The Way Google’s AI Research System is Transforming Hurricane Prediction with Speed
As Tropical Storm Melissa was churning off the coast of Haiti, meteorologist Philippe Papin had confidence it would soon escalate to a major tropical system.
As the lead forecaster on duty, he predicted that in a single day the weather system would become a severe hurricane and begin a turn towards the coast of Jamaica. No forecaster had ever issued such a bold forecast for rapid strengthening.
However, Papin had an ace up his sleeve: artificial intelligence in the guise of Google’s recently introduced DeepMind hurricane model – released for the initial occasion in June. True to the forecast, Melissa did become a system of astonishing strength that tore through Jamaica.
Increasing Dependence on Artificial Intelligence Forecasting
Forecasters are heavily relying upon the AI system. On the morning of 25 October, Papin explained in his official briefing that the AI tool was a primary reason for his confidence: “Roughly 40/50 AI simulation runs show Melissa becoming a Category 5 hurricane. Although I am not ready to predict that strength yet due to path variability, that remains a possibility.
“It appears likely that a period of rapid intensification will occur as the storm drifts over exceptionally hot sea temperatures which is the most extreme marine thermal energy in the entire Atlantic basin.”
Surpassing Traditional Models
Google DeepMind is the pioneer artificial intelligence system focused on tropical cyclones, and now the initial to beat standard weather forecasters at their own game. Through all 13 Atlantic storms this season, the AI is the best – even beating human forecasters on track predictions.
Melissa ultimately struck in Jamaica at category 5 strength, one of the strongest coastal impacts ever documented in nearly two centuries of record-keeping across the region. Papin’s bold forecast probably provided people in Jamaica extra time to get ready for the catastrophe, potentially preserving people and assets.
How Google’s Model Functions
The AI system operates through spotting patterns that traditional lengthy physics-based weather models may overlook.
“They do it far faster than their traditional counterparts, and the processing requirements is more affordable and demanding,” stated Michael Lowry, a former meteorologist.
“This season’s events has demonstrated in short order is that the recent AI weather models are competitive with and, in some cases, superior than the less rapid traditional forecasting tools we’ve traditionally leaned on,” Lowry added.
Understanding AI Technology
To be sure, Google DeepMind is an instance of machine learning – a technique that has been employed in data-heavy sciences like weather science for a long time – and is distinct from creative artificial intelligence like ChatGPT.
AI training takes large datasets and extracts trends from them in a such a way that its model only requires minutes to generate an result, and can do so on a standard PC – in strong contrast to the flagship models that governments have utilized for decades that can take hours to run and require some of the biggest supercomputers in the world.
Professional Responses and Upcoming Developments
Nevertheless, the fact that Google’s model could outperform previous top-tier legacy models so rapidly is truly remarkable to weather scientists who have spent their careers trying to predict the most intense weather systems.
“I’m impressed,” commented James Franklin, a retired forecaster. “The data is sufficient that it’s evident this is not just chance.”
Franklin noted that although the AI is beating all other models on forecasting the future path of hurricanes worldwide this year, similar to other systems it occasionally gets extreme strength forecasts inaccurate.

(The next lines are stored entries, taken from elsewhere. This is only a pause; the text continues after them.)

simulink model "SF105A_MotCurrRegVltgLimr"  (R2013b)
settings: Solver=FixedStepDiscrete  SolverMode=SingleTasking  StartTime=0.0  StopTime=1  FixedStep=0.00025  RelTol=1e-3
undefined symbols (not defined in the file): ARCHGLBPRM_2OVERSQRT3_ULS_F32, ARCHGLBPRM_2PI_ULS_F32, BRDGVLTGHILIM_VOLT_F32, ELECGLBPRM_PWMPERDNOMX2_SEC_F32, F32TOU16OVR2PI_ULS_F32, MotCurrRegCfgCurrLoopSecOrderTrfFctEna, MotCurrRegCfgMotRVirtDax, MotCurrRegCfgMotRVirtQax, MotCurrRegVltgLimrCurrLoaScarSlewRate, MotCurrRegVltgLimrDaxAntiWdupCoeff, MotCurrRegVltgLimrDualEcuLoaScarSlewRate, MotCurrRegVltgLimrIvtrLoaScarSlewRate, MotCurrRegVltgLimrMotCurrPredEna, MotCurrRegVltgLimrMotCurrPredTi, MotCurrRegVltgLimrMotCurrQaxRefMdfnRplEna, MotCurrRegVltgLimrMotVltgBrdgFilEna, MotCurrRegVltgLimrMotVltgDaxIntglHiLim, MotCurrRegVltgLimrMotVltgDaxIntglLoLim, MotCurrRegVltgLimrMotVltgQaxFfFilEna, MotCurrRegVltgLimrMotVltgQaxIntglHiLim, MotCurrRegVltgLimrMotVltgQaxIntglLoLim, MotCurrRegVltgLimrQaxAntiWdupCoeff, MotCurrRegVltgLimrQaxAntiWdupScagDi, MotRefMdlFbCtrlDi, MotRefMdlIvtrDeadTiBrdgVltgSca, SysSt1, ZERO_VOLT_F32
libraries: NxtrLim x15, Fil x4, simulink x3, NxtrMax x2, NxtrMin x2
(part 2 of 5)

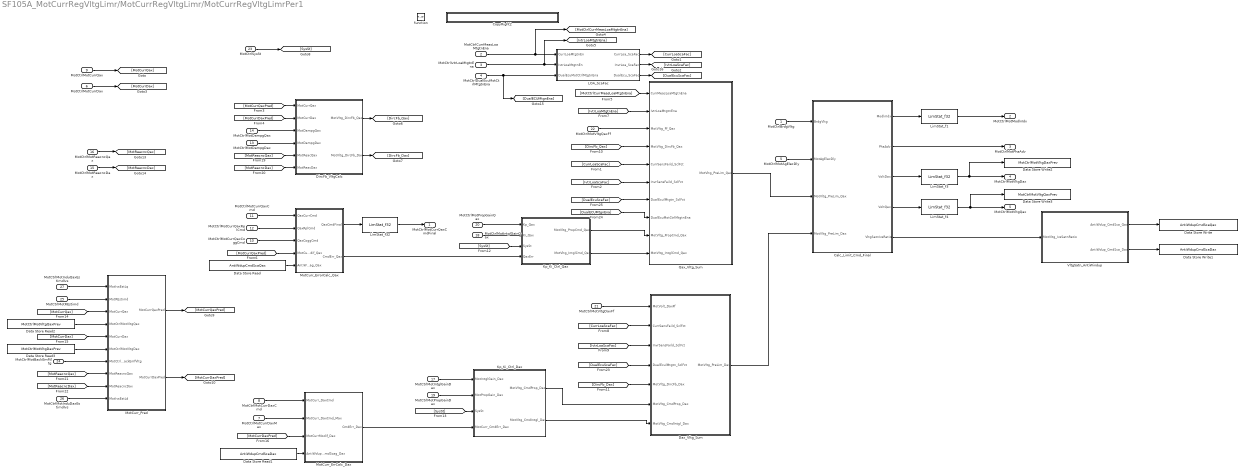
== system SF105A_MotCurrRegVltgLimr/MotCurrRegVltgLimr/MotCurrRegVltgLimrPer1 ==
  MotCtrlBrdgVltg : Inport
  MotCtrlCurrMeasLoaMtgtnEna : Inport  Port=2
  MotCtrlIvtrLoaMtgtnEna : Inport  Port=3
  MotCtrlDualEcuMotCtrlMtgtnEna : Inport  Port=4
  MotCtrlMotAgElecDly : Inport  Port=5
  MotCtrlMotCurrDax : Inport  Port=6
  MotCtrlMotCurrDaxMax : Inport  Port=7
  MotCtrlMotCurrDaxCmd : Inport  Port=8
  MotCtrlMotCurrQax : Inport  Port=9
  MotCtrlMotCurrQaxCoggCmd : Inport  Port=10
  MotCtrlMotCurrQaxCmd : Inport  Port=11
  MotCtrlMotCurrQaxRplCmd : Inport  Port=12
  MotCtrlMotDampgDax : Inport  Port=13
  MotCtrlMotDampgQax : Inport  Port=14
  MotCtrlMotReacncDax : Inport  Port=15
  MotCtrlMotReacncQax : Inport  Port=16
  MotCtrlMotIntglGainDax : Inport  Port=17
  MotCtrlMotIntglGainQax : Inport  Port=18
  MotCtrlMotPropGainDax : Inport  Port=19
  MotCtrlMotPropGainQax : Inport  Port=20
  MotCtrlMotVltgDaxFf : Inport  Port=21
  MotCtrlMotVltgQaxFf : Inport  Port=22
  MotCtrlSysSt : Inport  Port=23
  MotCtrlMotBackEmfVltg : Inport  Port=24
  "MotCtrlMotREstimd " : Inport  Port=25
  MotCtrlMotInduDaxEstimdIvs : Inport  Port=26
  MotCtrlMotInduQaxEstimdIvs : Inport  Port=27
  function : TriggerPort  TriggerType=function-call
  Calc_Limit_Cmd_Final : Subsystem
  CopyRight2 : Subsystem  Description=|  mask(Copyright Information){none=on}
      | Copyright info block.                                               
      |                                                                     
      | Place copyright information at the top of every subsystem in design.
      mask prompts: none "No parameters"
      mask help: Place copyright information at the top of every subsystem in design.
      mask Display:
      | NxtrConf = 'Nexteer Confidential';
      | 
      | sys = bdroot; %handle for the current model ("system")
      | first = get_param(sys,'Created');
      | if(isempty(first))
      |     first = datestr(now,'yyyy');
      | else
      |     first = first(end-3:end);  %year is last four digits
      | end
      | 
      | last = get_param(sys,'LastModifiedDate');
      | if isempty(last)
      |     last = datestr(now,'yyyy');
      | else
      |     last = last(end-3:end);
      | end
      | 
      | if strcmp(first,last)
      |     fprintf('%s -- Copyright %s Nexteer',NxtrConf,first)
      | else
      |     fprintf('%s -- %s%s- %s Nexteer',NxtrConf,char(169),first,last)
      | end
  Data Store Read : DataStoreRead  DataStoreName=AntiWdupCmdScaQax
  Data Store Read1 : DataStoreRead  DataStoreName=AntiWdupCmdScaDax
  Data Store Read2 : DataStoreRead  DataStoreName=MotCtrlMotVltgQaxPrev
  Data Store Read3 : DataStoreRead  DataStoreName=MotCtrlMotVltgDaxPrev
  Data Store Write : DataStoreWrite  DataStoreName=AntiWdupCmdScaQax
  Data Store Write1 : DataStoreWrite  DataStoreName=AntiWdupCmdScaDax
  Data Store Write2 : DataStoreWrite  DataStoreName=MotCtrlMotVltgDaxPrev
  Data Store Write3 : DataStoreWrite  DataStoreName=MotCtrlMotVltgQaxPrev
  Dax_Vltg_Sum : Subsystem
  DircFb_VltgCalc : Subsystem
  Kp_Ki_Ctrl_Dax : Subsystem
  Kp_Ki_Ctrl_Qax : Subsystem
  LOA_ScaFac : Subsystem
  LimStat_f1 : NxtrLim/LimStat_f32  RequirementInfo={'linktype_rmi_doors' '0000bb44 (/E-STEER Core/SubSystem Specifications/Application Functions/SF99/SF105A Current Regulator and Voltage Limiter)' '#SF105A_131' 'true' 'REQ: SF105A_131' '' } %GIDa_5b64c45d_3cb8_4503_aa08_a1be8801add7  LoLim=MOTMODLNIDXLOLIM_ULS_F32  HiLim=MOTMODLNIDXHILIM_ULS_F32
      settings: AttributesFormatString=|
      | Low Limit: %<LoLim>
      | High Limit:%<HiLim>
  LimStat_f3 : NxtrLim/LimStat_f32  RequirementInfo={'linktype_rmi_doors' '0000bb44 (/E-STEER Core/SubSystem Specifications/Application Functions/SF99/SF105A Current Regulator and Voltage Limiter)' '#SF105A_131' 'true' 'REQ: SF105A_131' '' } %GIDa_8680302d_e840_4ac4_b59c_87c18badb04a  LoLim=MOTVLTGDQAXLOLIM_VOLT_F32  HiLim=MOTVLTGDQAXHILIM_VOLT_F32
      settings: AttributesFormatString=|
      | Low Limit: %<LoLim>
      | High Limit:%<HiLim>
  LimStat_f32 : NxtrLim/LimStat_f32  RequirementInfo={'linktype_rmi_doors' '0000bb44 (/E-STEER Core/SubSystem Specifications/Application Functions/SF99/SF105A Current Regulator and Voltage Limiter)' '#SF105A_131' 'true' 'REQ: SF105A_131' '' } %GIDa_6c6b8d90_e99a_4080_8c4c_409ee69ab06d  LoLim=MOTCURRLOLIM_AMPR_F32  HiLim=MOTCURRHILIM_AMPR_F32
      settings: AttributesFormatString=|
      | Low Limit: %<LoLim>
      | High Limit:%<HiLim>
  LimStat_f4 : NxtrLim/LimStat_f32  RequirementInfo={'linktype_rmi_doors' '0000bb44 (/E-STEER Core/SubSystem Specifications/Application Functions/SF99/SF105A Current Regulator and Voltage Limiter)' '#SF105A_131' 'true' 'REQ: SF105A_131' '' } %GIDa_6dbc15d0_ee83_49e2_ba5d_de01d4cc5077  LoLim=MOTVLTGDQAXLOLIM_VOLT_F32  HiLim=MOTVLTGDQAXHILIM_VOLT_F32
      settings: AttributesFormatString=|
      | Low Limit: %<LoLim>
      | High Limit:%<HiLim>
  MotCurr_ErrCalc_Dax : Subsystem
  MotCurr_ErrorCalc_Qax : Subsystem
  MotCurr_Pred : Subsystem
  Qax_Vltg_Sum : Subsystem
  VltgSatn_AntiWindup : Subsystem
  MotCtrlMotCurrQaxCmdFinal : Outport
  MotCtrlMotModlnIdx : Outport  Port=2
  MotCtrlMotPhaAdv : Outport  Port=3
  MotCtrlMotVltgDax : Outport  Port=4
  MotCtrlMotVltgQax : Outport  Port=5
  wires:
  MotCurr_ErrorCalc_Qax/1(QaxCmdFinal) -> LimStat_f32/1
  MotCtrlMotCurrQaxCoggCmd/1 -> MotCurr_ErrorCalc_Qax/3(QaxCoggCmd)
  MotCtrlMotCurrQaxRplCmd/1 -> MotCurr_ErrorCalc_Qax/2(QaxRplCmd)
  MotCtrlMotCurrQaxCmd/1 -> MotCurr_ErrorCalc_Qax/1(QaxCurrCmd)
  MotCtrlMotCurrQax/1 -> [MotCurrQax]
  [MotCurrQaxPred] -> MotCurr_ErrorCalc_Qax/4(MotCurrModif_Qax)
  MotCurr_ErrorCalc_Qax/2(CmdErr_Qax) -> Kp_Ki_Ctrl_Qax/4(QaxErr)
  MotCtrlMotPropGainQax/1 -> Kp_Ki_Ctrl_Qax/1(Kp_Qax)
  MotCtrlMotIntglGainQax/1 -> Kp_Ki_Ctrl_Qax/2(Ki_Qax)
  MotCtrlMotVltgQaxFf/1 -> Qax_Vltg_Sum/3(MotVltg_Ff_Qax)
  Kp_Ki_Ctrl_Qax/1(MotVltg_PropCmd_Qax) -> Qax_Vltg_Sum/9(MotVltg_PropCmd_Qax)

It had difficulty with Hurricane Erin previously, as it was similarly experiencing rapid intensification to maximum intensity north of the Caribbean.
In the coming offseason, Franklin said he plans to talk with Google about how it can make the AI results even more helpful for forecasters by providing additional internal information they can use to evaluate the reasons it is producing its conclusions.
“A key concern that nags at me is that although these forecasts appear really, really good, the output of the system is kind of a black box,” said Franklin.
Wider Sector Developments
Historically, no a private, for-profit company that has produced a top-level forecasting system which allows researchers a view of its methods – in contrast to most other models which are provided at no cost to the public in their full form by the governments that designed and maintain them.
The company is not the only one in starting to use artificial intelligence to solve challenging weather forecasting problems. The US and European governments also have their own artificial intelligence systems in the development phase – which have also shown better performance over previous non-AI versions.
The next steps in artificial intelligence predictions appear to involve new firms tackling formerly tough-to-solve problems such as long-range forecasts and better early alerts of tornado outbreaks and sudden deluges – and they have secured US government funding to do so. One company, WindBorne Systems, is even deploying its own weather balloons to address deficiencies in the national monitoring system.